Aus sicherer hanseatischer Entfernung kann man's womöglich ganz behutsam schreiben, ohne gleich wie beim Steuerstreit als teutonischer Steinbrück beschimpft zu werden.

Es gibt flottere (Z)Eidgenossen als den Schweizer an sich. Hier und da in Helvetia dauern die Dinge, weil sie halt dauern. Die Schweizer Uhren sind schließlich nur deswegen so pünktlich, weil sie sich nicht wegen jedes Bisschens hetzen lassen.

Aaaber - und das ist ein großes, respektvolles Aber: Der Schweizer an sich kann dann auch mal anders, wenn es sein muss. In den Oberwalliser Gemeinden Fiesch und Fieschertal muss es nun sein. Dort wird seit 331 Jahren alle Jahre wieder ein Gelübde abgelegt, man wolle tugendhaft leben und beten, damit der Aletschgletscher bloß nicht weiter wächst. Damals war das ein echtes Problem; um der Bitte nach ganz oben noch etwas mehr Nachdruck zu verleihen, wurde der Einsatz des Tugendversprechens anno 1862 um eine Prozession aufgestockt.

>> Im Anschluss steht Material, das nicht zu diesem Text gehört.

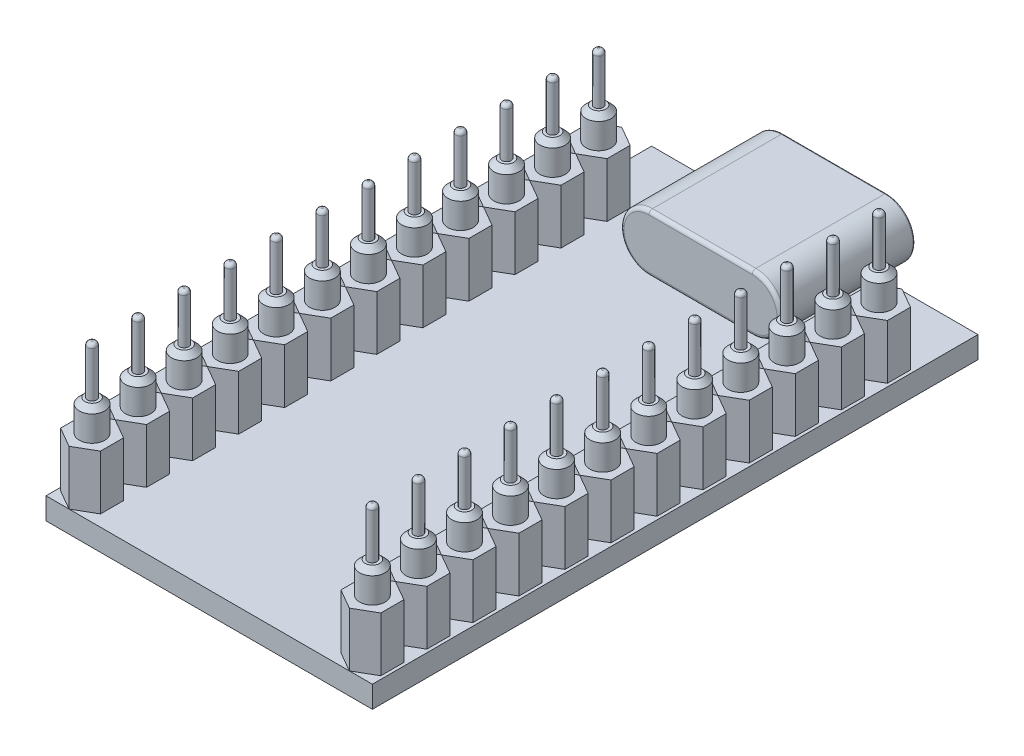
from build123d import *

# Parameters (mm, degrees)
SKETCH1_W                = 18
SKETCH1_H                = 33.4
BOSS_EXTRUDE1_DEPTH      = 1.2
BOSS_EXTRUDE2_DEPTH      = 1.1
BOSS_EXTRUDE2_DEPTH_BACK = 6.3
FILLET1_R                = 0.1
FILLET3_R                = 0.2
CUT_EXTRUDE2_DEPTH       = 7
FILLET4_R                = 0.1
SKETCH4_R                = 0.5
CUT_EXTRUDE3_DEPTH       = 7
CUT_EXTRUDE6_START       = 0.6
SKETCH7_R                = 1
CUT_EXTRUDE6_DEPTH       = 0.1
BOSS_EXTRUDE3_DEPTH      = 7.4
BOSS_EXTRUDE3_DEPTH_BACK = 1.6
SKETCH9_R                = 0.25
FILLET5_R                = 0.2
BOSS_EXTRUDE4_DEPTH      = 3
SKETCH11_R               = 0.7
BOSS_EXTRUDE5_DEPTH      = 4.7
CHAMFER1_SIZE            = 0.3
LPATTERN2_COUNT          = 12
LPATTERN2_PITCH          = 2.54


with BuildPart() as part:
    # Sketch1 → Boss-Extrude1 (new body)
    with BuildSketch(Plane(origin=(0, 0, 0), x_dir=(1, 0, 0), z_dir=(0, 1, 0))):
        Rectangle(SKETCH1_W, SKETCH1_H)
    extrude(amount=BOSS_EXTRUDE1_DEPTH)

    # Sketch4 → Cut-Extrude3 (cut)
    with BuildSketch(Plane(origin=(0, 1.2, 0), x_dir=(1, 0, 0), z_dir=(0, 1, 0))):
        with Locations(Location((-7.73, -15.43, 0), (0, 0, 270))):
            Circle(SKETCH4_R)
        with Locations(Location((-7.73, -12.89, 0), (0, 0, 270))):
            Circle(SKETCH4_R)
        with Locations(Location((-7.73, -10.35, 0), (0, 0, 270))):
            Circle(SKETCH4_R)
        with Locations(Location((-7.73, -7.81, 0), (0, 0, 270))):
            Circle(SKETCH4_R)
        with Locations(Location((-7.73, -5.27, 0), (0, 0, 270))):
            Circle(SKETCH4_R)
        with Locations(Location((-7.73, -2.73, 0), (0, 0, 270))):
            Circle(SKETCH4_R)
        with Locations(Location((-7.73, -0.19, 0), (0, 0, 270))):
            Circle(SKETCH4_R)
        with Locations(Location((-7.73, 2.35, 0), (0, 0, 270))):
            Circle(SKETCH4_R)
        with Locations(Location((-7.73, 4.89, 0), (0, 0, 270))):
            Circle(SKETCH4_R)
        with Locations(Location((-7.73, 7.43, 0), (0, 0, 270))):
            Circle(SKETCH4_R)
        with Locations(Location((-7.73, 9.97, 0), (0, 0, 270))):
            Circle(SKETCH4_R)
        with Locations(Location((-7.73, 12.51, 0), (0, 0, 270))):
            Circle(SKETCH4_R)
    cut_extrude3 = extrude(amount=-CUT_EXTRUDE3_DEPTH, mode=Mode.SUBTRACT)

    # Sketch7 → Cut-Extrude6 (cut)
    with BuildSketch(Plane(origin=(0, 0.6, 0), x_dir=(-1, 0, 0), z_dir=(0, -1, 0)).offset(CUT_EXTRUDE6_START)):
        with Locations(Location((7.73, -15.43, 0), (0, 0, 90))):
            Circle(SKETCH7_R)
        with Locations(Location((7.73, -12.89, 0), (0, 0, 90))):
            Circle(SKETCH7_R)
        with Locations(Location((7.73, -10.35, 0), (0, 0, 90))):
            Circle(SKETCH7_R)
        with Locations(Location((7.73, -7.81, 0), (0, 0, 90))):
            Circle(SKETCH7_R)
        with Locations(Location((7.73, -5.27, 0), (0, 0, 90))):
            Circle(SKETCH7_R)
        with Locations(Location((7.73, -2.73, 0), (0, 0, 90))):
            Circle(SKETCH7_R)
        with Locations(Location((7.73, -0.19, 0), (0, 0, 90))):
            Circle(SKETCH7_R)
        with Locations(Location((7.73, 2.35, 0), (0, 0, 90))):
            Circle(SKETCH7_R)
        with Locations(Location((7.73, 4.89, 0), (0, 0, 90))):
            Circle(SKETCH7_R)
        with Locations(Location((7.73, 7.43, 0), (0, 0, 90))):
            Circle(SKETCH7_R)
        with Locations(Location((7.73, 9.97, 0), (0, 0, 90))):
            Circle(SKETCH7_R)
        with Locations(Location((7.73, 12.51, 0), (0, 0, 90))):
            Circle(SKETCH7_R)
    cut_extrude6 = extrude(amount=-CUT_EXTRUDE6_DEPTH, mode=Mode.SUBTRACT)

    # Mirror5: Cut-Extrude3, Cut-Extrude6 across plane
    add(cut_extrude3.mirror(Plane(origin=(0, 0, 0), x_dir=(0, 0, 1), z_dir=(1, 0, 0))), mode=Mode.SUBTRACT)
    add(cut_extrude6.mirror(Plane(origin=(0, 0, 0), x_dir=(0, 0, 1), z_dir=(1, 0, 0))), mode=Mode.SUBTRACT)


with BuildPart() as body_2:
    # Sketch2 → Boss-Extrude2 (new, two sides: drawn at the far end of the back side and taken through both)
    with BuildSketch(Plane(origin=(0, 0, -16.7), x_dir=(-1, 0, 0), z_dir=(0, 0, -1)).offset(-BOSS_EXTRUDE2_DEPTH_BACK)):
        with BuildLine():
            Line((-2.85, 4.34), (2.85, 4.34))
            ThreePointArc((2.85, 4.34), (4.42, 2.77), (2.85, 1.2))
            Line((2.85, 1.2), (-2.85, 1.2))
            ThreePointArc((-2.85, 1.2), (-4.42, 2.77), (-2.85, 4.34))
        make_face()
    extrude(amount=BOSS_EXTRUDE2_DEPTH + BOSS_EXTRUDE2_DEPTH_BACK)

    # Fillet1
    fillet1_edges = [body_2.edges().sort_by_distance(p)[0] for p in [
        (4.42, 2.77, -17.8),
        (0, 1.2, -17.8),
        (-4.42, 2.77, -17.8),
        (0, 4.34, -17.8),
    ]]
    fillet(fillet1_edges, radius=FILLET1_R)

    # Fillet3
    fillet3_edges = [body_2.edges().sort_by_distance(p)[0] for p in [
        (-4.42, 2.77, -10.4),
        (0, 4.34, -10.4),
        (4.42, 2.77, -10.4),
        (0, 1.2, -10.4),
    ]]
    fillet(fillet3_edges, radius=FILLET3_R)

    # Sketch3 → Cut-Extrude2 (cut)
    with BuildSketch(Plane(origin=(0, 0, -17.8), x_dir=(-1, 0, 0), z_dir=(0, 0, -1))):
        with BuildLine():
            Line((-2.85, 1.5), (2.85, 1.5))
            ThreePointArc((2.85, 1.5), (4.12, 2.77), (2.85, 4.04))
            Line((2.85, 4.04), (-2.85, 4.04))
            ThreePointArc((-2.85, 4.04), (-4.12, 2.77), (-2.85, 1.5))
        make_face()
        with BuildLine():
            Line((-2.85, 3.02), (2.85, 3.02))
            ThreePointArc((2.85, 3.02), (3.1, 2.77), (2.85, 2.52))
            Line((2.85, 2.52), (-2.85, 2.52))
            ThreePointArc((-2.85, 2.52), (-3.1, 2.77), (-2.85, 3.02))
        make_face(mode=Mode.SUBTRACT)
    extrude(amount=-CUT_EXTRUDE2_DEPTH, mode=Mode.SUBTRACT)

    # Fillet4
    fillet4_edges = [body_2.edges().sort_by_distance(p)[0] for p in [
        (4.12, 2.77, -17.8),
        (0, 1.5, -17.8),
        (-4.12, 2.77, -17.8),
        (0, 4.04, -17.8),
        (3.1, 2.77, -17.8),
        (0, 3.02, -17.8),
        (-3.1, 2.77, -17.8),
        (0, 2.52, -17.8),
    ]]
    fillet(fillet4_edges, radius=FILLET4_R)


with BuildPart() as body_3:
    # Sketch9 → Boss-Extrude3 (new, two sides: drawn at the far end of the back side and taken through both)
    with BuildSketch(Plane(origin=(0, 1.2, 0), x_dir=(1, 0, 0), z_dir=(0, 1, 0)).offset(-BOSS_EXTRUDE3_DEPTH_BACK)):
        with Locations(Location((-7.73, -15.43, 0), (0, 0, 270))):
            Circle(SKETCH9_R)
    extrude(amount=BOSS_EXTRUDE3_DEPTH + BOSS_EXTRUDE3_DEPTH_BACK)

    # Fillet5
    fillet5_edges = [body_3.edges().sort_by_distance(p)[0] for p in [
        (-7.73, 8.6, 15.18),
        (-7.73, -0.4, 15.18),
    ]]
    fillet(fillet5_edges, radius=FILLET5_R)


with BuildPart() as body_4:
    # Sketch10 → Boss-Extrude4 (new body)
    with BuildSketch(Plane(origin=(0, 1.2, 0), x_dir=(1, 0, 0), z_dir=(0, 1, 0))):
        Polygon((-8.829852263, -14.795), (-8.829852263, -16.065), (-7.73, -16.7), (-6.630147737, -16.065), (-6.630147737, -14.795), (-7.73, -14.16), align=None)
    extrude(amount=BOSS_EXTRUDE4_DEPTH)


with BuildPart() as body_5:
    # Sketch11 → Boss-Extrude5 (new body)
    with BuildSketch(Plane(origin=(0, 1.2, 0), x_dir=(1, 0, 0), z_dir=(0, 1, 0))):
        with Locations(Location((-7.73, -15.43, 0), (0, 0, 270))):
            Circle(SKETCH11_R)
    extrude(amount=BOSS_EXTRUDE5_DEPTH)

    # Chamfer1
    chamfer1_edges = [body_5.edges().sort_by_distance(p)[0] for p in [
        (-7.73, 5.9, 14.73),
    ]]
    chamfer(chamfer1_edges, length=CHAMFER1_SIZE)


with BuildPart() as lpattern2_1:
    # LPattern2: pattern copy
    add(body_3.part.moved(Location(Vector(0, 0, -1) * (1 * LPATTERN2_PITCH))))


with BuildPart() as lpattern2_2:
    # LPattern2: pattern copy
    add(body_3.part.moved(Location(Vector(0, 0, -1) * (2 * LPATTERN2_PITCH))))


with BuildPart() as lpattern2_3:
    # LPattern2: pattern copy
    add(body_3.part.moved(Location(Vector(0, 0, -1) * (3 * LPATTERN2_PITCH))))


with BuildPart() as lpattern2_4:
    # LPattern2: pattern copy
    add(body_3.part.moved(Location(Vector(0, 0, -1) * (4 * LPATTERN2_PITCH))))


with BuildPart() as lpattern2_5:
    # LPattern2: pattern copy
    add(body_3.part.moved(Location(Vector(0, 0, -1) * (5 * LPATTERN2_PITCH))))


with BuildPart() as lpattern2_6:
    # LPattern2: pattern copy
    add(body_3.part.moved(Location(Vector(0, 0, -1) * (6 * LPATTERN2_PITCH))))


with BuildPart() as lpattern2_7:
    # LPattern2: pattern copy
    add(body_3.part.moved(Location(Vector(0, 0, -1) * (7 * LPATTERN2_PITCH))))


with BuildPart() as lpattern2_8:
    # LPattern2: pattern copy
    add(body_3.part.moved(Location(Vector(0, 0, -1) * (8 * LPATTERN2_PITCH))))


with BuildPart() as lpattern2_9:
    # LPattern2: pattern copy
    add(body_3.part.moved(Location(Vector(0, 0, -1) * (9 * LPATTERN2_PITCH))))


with BuildPart() as lpattern2_10:
    # LPattern2: pattern copy
    add(body_3.part.moved(Location(Vector(0, 0, -1) * (10 * LPATTERN2_PITCH))))


with BuildPart() as lpattern2_11:
    # LPattern2: pattern copy
    add(body_3.part.moved(Location(Vector(0, 0, -1) * (11 * LPATTERN2_PITCH))))


with BuildPart() as lpattern2_12:
    # LPattern2: pattern copy
    add(body_5.part.moved(Location(Vector(0, 0, -1) * (1 * LPATTERN2_PITCH))))


with BuildPart() as lpattern2_13:
    # LPattern2: pattern copy
    add(body_5.part.moved(Location(Vector(0, 0, -1) * (2 * LPATTERN2_PITCH))))


with BuildPart() as lpattern2_14:
    # LPattern2: pattern copy
    add(body_5.part.moved(Location(Vector(0, 0, -1) * (3 * LPATTERN2_PITCH))))


with BuildPart() as lpattern2_15:
    # LPattern2: pattern copy
    add(body_5.part.moved(Location(Vector(0, 0, -1) * (4 * LPATTERN2_PITCH))))


with BuildPart() as lpattern2_16:
    # LPattern2: pattern copy
    add(body_5.part.moved(Location(Vector(0, 0, -1) * (5 * LPATTERN2_PITCH))))


with BuildPart() as lpattern2_17:
    # LPattern2: pattern copy
    add(body_5.part.moved(Location(Vector(0, 0, -1) * (6 * LPATTERN2_PITCH))))


with BuildPart() as lpattern2_18:
    # LPattern2: pattern copy
    add(body_5.part.moved(Location(Vector(0, 0, -1) * (7 * LPATTERN2_PITCH))))


with BuildPart() as lpattern2_19:
    # LPattern2: pattern copy
    add(body_5.part.moved(Location(Vector(0, 0, -1) * (8 * LPATTERN2_PITCH))))


with BuildPart() as lpattern2_20:
    # LPattern2: pattern copy
    add(body_5.part.moved(Location(Vector(0, 0, -1) * (9 * LPATTERN2_PITCH))))


with BuildPart() as lpattern2_21:
    # LPattern2: pattern copy
    add(body_5.part.moved(Location(Vector(0, 0, -1) * (10 * LPATTERN2_PITCH))))


with BuildPart() as lpattern2_22:
    # LPattern2: pattern copy
    add(body_5.part.moved(Location(Vector(0, 0, -1) * (11 * LPATTERN2_PITCH))))


with BuildPart() as lpattern2_23:
    # LPattern2: pattern copy
    add(body_4.part.moved(Location(Vector(0, 0, -1) * (1 * LPATTERN2_PITCH))))


with BuildPart() as lpattern2_24:
    # LPattern2: pattern copy
    add(body_4.part.moved(Location(Vector(0, 0, -1) * (2 * LPATTERN2_PITCH))))


with BuildPart() as lpattern2_25:
    # LPattern2: pattern copy
    add(body_4.part.moved(Location(Vector(0, 0, -1) * (3 * LPATTERN2_PITCH))))


with BuildPart() as lpattern2_26:
    # LPattern2: pattern copy
    add(body_4.part.moved(Location(Vector(0, 0, -1) * (4 * LPATTERN2_PITCH))))


with BuildPart() as lpattern2_27:
    # LPattern2: pattern copy
    add(body_4.part.moved(Location(Vector(0, 0, -1) * (5 * LPATTERN2_PITCH))))


with BuildPart() as lpattern2_28:
    # LPattern2: pattern copy
    add(body_4.part.moved(Location(Vector(0, 0, -1) * (6 * LPATTERN2_PITCH))))


with BuildPart() as lpattern2_29:
    # LPattern2: pattern copy
    add(body_4.part.moved(Location(Vector(0, 0, -1) * (7 * LPATTERN2_PITCH))))


with BuildPart() as lpattern2_30:
    # LPattern2: pattern copy
    add(body_4.part.moved(Location(Vector(0, 0, -1) * (8 * LPATTERN2_PITCH))))


with BuildPart() as lpattern2_31:
    # LPattern2: pattern copy
    add(body_4.part.moved(Location(Vector(0, 0, -1) * (9 * LPATTERN2_PITCH))))


with BuildPart() as lpattern2_32:
    # LPattern2: pattern copy
    add(body_4.part.moved(Location(Vector(0, 0, -1) * (10 * LPATTERN2_PITCH))))


with BuildPart() as lpattern2_33:
    # LPattern2: pattern copy
    add(body_4.part.moved(Location(Vector(0, 0, -1) * (11 * LPATTERN2_PITCH))))


with BuildPart() as body_39:
    # Mirror2: mirrored copy
    add(lpattern2_6.part.mirror(Plane(origin=(0, 0, 0), x_dir=(0, 0, 1), z_dir=(1, 0, 0))))


with BuildPart() as body_40:
    # Mirror2 2: mirrored copy
    add(lpattern2_13.part.mirror(Plane(origin=(0, 0, 0), x_dir=(0, 0, 1), z_dir=(1, 0, 0))))


with BuildPart() as body_41:
    # Mirror2 3: mirrored copy
    add(lpattern2_10.part.mirror(Plane(origin=(0, 0, 0), x_dir=(0, 0, 1), z_dir=(1, 0, 0))))


with BuildPart() as body_42:
    # Mirror2 4: mirrored copy
    add(lpattern2_18.part.mirror(Plane(origin=(0, 0, 0), x_dir=(0, 0, 1), z_dir=(1, 0, 0))))


with BuildPart() as body_43:
    # Mirror2 5: mirrored copy
    add(lpattern2_29.part.mirror(Plane(origin=(0, 0, 0), x_dir=(0, 0, 1), z_dir=(1, 0, 0))))


with BuildPart() as body_44:
    # Mirror2 6: mirrored copy
    add(lpattern2_23.part.mirror(Plane(origin=(0, 0, 0), x_dir=(0, 0, 1), z_dir=(1, 0, 0))))


with BuildPart() as body_45:
    # Mirror2 7: mirrored copy
    add(lpattern2_1.part.mirror(Plane(origin=(0, 0, 0), x_dir=(0, 0, 1), z_dir=(1, 0, 0))))


with BuildPart() as body_46:
    # Mirror2 8: mirrored copy
    add(body_5.part.mirror(Plane(origin=(0, 0, 0), x_dir=(0, 0, 1), z_dir=(1, 0, 0))))


with BuildPart() as body_47:
    # Mirror2 9: mirrored copy
    add(lpattern2_5.part.mirror(Plane(origin=(0, 0, 0), x_dir=(0, 0, 1), z_dir=(1, 0, 0))))


with BuildPart() as body_48:
    # Mirror2 10: mirrored copy
    add(lpattern2_16.part.mirror(Plane(origin=(0, 0, 0), x_dir=(0, 0, 1), z_dir=(1, 0, 0))))


with BuildPart() as body_49:
    # Mirror2 11: mirrored copy
    add(lpattern2_28.part.mirror(Plane(origin=(0, 0, 0), x_dir=(0, 0, 1), z_dir=(1, 0, 0))))


with BuildPart() as body_50:
    # Mirror2 12: mirrored copy
    add(body_4.part.mirror(Plane(origin=(0, 0, 0), x_dir=(0, 0, 1), z_dir=(1, 0, 0))))


with BuildPart() as body_51:
    # Mirror2 13: mirrored copy
    add(lpattern2_9.part.mirror(Plane(origin=(0, 0, 0), x_dir=(0, 0, 1), z_dir=(1, 0, 0))))


with BuildPart() as body_52:
    # Mirror2 14: mirrored copy
    add(lpattern2_21.part.mirror(Plane(origin=(0, 0, 0), x_dir=(0, 0, 1), z_dir=(1, 0, 0))))


with BuildPart() as body_53:
    # Mirror2 15: mirrored copy
    add(lpattern2_33.part.mirror(Plane(origin=(0, 0, 0), x_dir=(0, 0, 1), z_dir=(1, 0, 0))))


with BuildPart() as body_54:
    # Mirror2 16: mirrored copy
    add(lpattern2_14.part.mirror(Plane(origin=(0, 0, 0), x_dir=(0, 0, 1), z_dir=(1, 0, 0))))


with BuildPart() as body_55:
    # Mirror2 17: mirrored copy
    add(lpattern2_27.part.mirror(Plane(origin=(0, 0, 0), x_dir=(0, 0, 1), z_dir=(1, 0, 0))))


with BuildPart() as body_56:
    # Mirror2 18: mirrored copy
    add(lpattern2_4.part.mirror(Plane(origin=(0, 0, 0), x_dir=(0, 0, 1), z_dir=(1, 0, 0))))


with BuildPart() as body_57:
    # Mirror2 19: mirrored copy
    add(lpattern2_19.part.mirror(Plane(origin=(0, 0, 0), x_dir=(0, 0, 1), z_dir=(1, 0, 0))))


with BuildPart() as body_58:
    # Mirror2 20: mirrored copy
    add(lpattern2_8.part.mirror(Plane(origin=(0, 0, 0), x_dir=(0, 0, 1), z_dir=(1, 0, 0))))


with BuildPart() as body_59:
    # Mirror2 21: mirrored copy
    add(lpattern2_32.part.mirror(Plane(origin=(0, 0, 0), x_dir=(0, 0, 1), z_dir=(1, 0, 0))))


with BuildPart() as body_60:
    # Mirror2 22: mirrored copy
    add(lpattern2_12.part.mirror(Plane(origin=(0, 0, 0), x_dir=(0, 0, 1), z_dir=(1, 0, 0))))


with BuildPart() as body_61:
    # Mirror2 23: mirrored copy
    add(lpattern2_26.part.mirror(Plane(origin=(0, 0, 0), x_dir=(0, 0, 1), z_dir=(1, 0, 0))))


with BuildPart() as body_62:
    # Mirror2 24: mirrored copy
    add(lpattern2_17.part.mirror(Plane(origin=(0, 0, 0), x_dir=(0, 0, 1), z_dir=(1, 0, 0))))


with BuildPart() as body_63:
    # Mirror2 25: mirrored copy
    add(lpattern2_3.part.mirror(Plane(origin=(0, 0, 0), x_dir=(0, 0, 1), z_dir=(1, 0, 0))))


with BuildPart() as body_64:
    # Mirror2 26: mirrored copy
    add(lpattern2_22.part.mirror(Plane(origin=(0, 0, 0), x_dir=(0, 0, 1), z_dir=(1, 0, 0))))


with BuildPart() as body_65:
    # Mirror2 27: mirrored copy
    add(lpattern2_31.part.mirror(Plane(origin=(0, 0, 0), x_dir=(0, 0, 1), z_dir=(1, 0, 0))))


with BuildPart() as body_66:
    # Mirror2 28: mirrored copy
    add(body_3.part.mirror(Plane(origin=(0, 0, 0), x_dir=(0, 0, 1), z_dir=(1, 0, 0))))


with BuildPart() as body_67:
    # Mirror2 29: mirrored copy
    add(lpattern2_7.part.mirror(Plane(origin=(0, 0, 0), x_dir=(0, 0, 1), z_dir=(1, 0, 0))))


with BuildPart() as body_68:
    # Mirror2 30: mirrored copy
    add(lpattern2_25.part.mirror(Plane(origin=(0, 0, 0), x_dir=(0, 0, 1), z_dir=(1, 0, 0))))


with BuildPart() as body_69:
    # Mirror2 31: mirrored copy
    add(lpattern2_11.part.mirror(Plane(origin=(0, 0, 0), x_dir=(0, 0, 1), z_dir=(1, 0, 0))))


with BuildPart() as body_70:
    # Mirror2 32: mirrored copy
    add(lpattern2_15.part.mirror(Plane(origin=(0, 0, 0), x_dir=(0, 0, 1), z_dir=(1, 0, 0))))


with BuildPart() as body_71:
    # Mirror2 33: mirrored copy
    add(lpattern2_20.part.mirror(Plane(origin=(0, 0, 0), x_dir=(0, 0, 1), z_dir=(1, 0, 0))))


with BuildPart() as body_72:
    # Mirror2 34: mirrored copy
    add(lpattern2_30.part.mirror(Plane(origin=(0, 0, 0), x_dir=(0, 0, 1), z_dir=(1, 0, 0))))


with BuildPart() as body_73:
    # Mirror2 35: mirrored copy
    add(lpattern2_2.part.mirror(Plane(origin=(0, 0, 0), x_dir=(0, 0, 1), z_dir=(1, 0, 0))))


with BuildPart() as body_74:
    # Mirror2 36: mirrored copy
    add(lpattern2_24.part.mirror(Plane(origin=(0, 0, 0), x_dir=(0, 0, 1), z_dir=(1, 0, 0))))


solid = Compound([part.part, body_2.part, body_3.part, body_4.part, body_5.part, lpattern2_1.part, lpattern2_2.part, lpattern2_3.part, lpattern2_4.part, lpattern2_5.part, lpattern2_6.part, lpattern2_7.part, lpattern2_8.part, lpattern2_9.part, lpattern2_10.part, lpattern2_11.part, lpattern2_12.part, lpattern2_13.part, lpattern2_14.part, lpattern2_15.part, lpattern2_16.part, lpattern2_17.part, lpattern2_18.part, lpattern2_19.part, lpattern2_20.part, lpattern2_21.part, lpattern2_22.part, lpattern2_23.part, lpattern2_24.part, lpattern2_25.part, lpattern2_26.part, lpattern2_27.part, lpattern2_28.part, lpattern2_29.part, lpattern2_30.part, lpattern2_31.part, lpattern2_32.part, lpattern2_33.part, body_39.part, body_40.part, body_41.part, body_42.part, body_43.part, body_44.part, body_45.part, body_46.part, body_47.part, body_48.part, body_49.part, body_50.part, body_51.part, body_52.part, body_53.part, body_54.part, body_55.part, body_56.part, body_57.part, body_58.part, body_59.part, body_60.part, body_61.part, body_62.part, body_63.part, body_64.part, body_65.part, body_66.part, body_67.part, body_68.part, body_69.part, body_70.part, body_71.part, body_72.part, body_73.part, body_74.part])

Doch der Aletschgletscher denkt mittlerweile gar nicht mehr an bösartiges Wachstum. Im Gegenteil: Er schmilzt und schmilzt wie Toblerone in der Sonne. Nun könnte man vermuten, dass die moraltheologisch relevanten Versuchungen und Ablenkungsmöglichkeiten in Fiesch und Fieschertal schöner und größer sind, als man glaubt. Aber der Grund für das Schrumpfen ist ein ganz profaner: Der Klimawandel machte einen Strich durchs Gelübde der Oberwalliser. Deswegen haben die Anwohner jetzt die Eingabestelle des Vatikans bemüht, ob man nicht vielleicht das Kleingedruckte im Gebet ein ganz klein wenig anders formulieren könnte, ohne sich gleich den Zorn des zuständigen Bodenpersonals zuzuziehen. Der Gletscher soll wieder wachsen. Je schneller, desto besser. Und da der Papst ja in seiner Osterbotschaft vor dem Klimawandel gewarnt hat, könne er jetzt seinen Worten Taten folgen lassen, argumentierte ein pfiffiger Lokalpolitiker.

Das Wort der Oberwalliser im Gehörgang von Gottes Stellvertreter? Die Chancen für grünes Licht für das Gelübde-Update stehen nicht schlecht, denn das Alpenvolk hat durch seine Garde in Rom seit Jahrhunderten einen Dauerbonus beim jeweiligen Heiligen Vater. Eine Audienz sei schon anberaumt, heißt es, die Entscheidung von Papst Benedikt XVI. wird für Oktober erwartet. In Schweizer Zeitrechnung also praktisch sofort.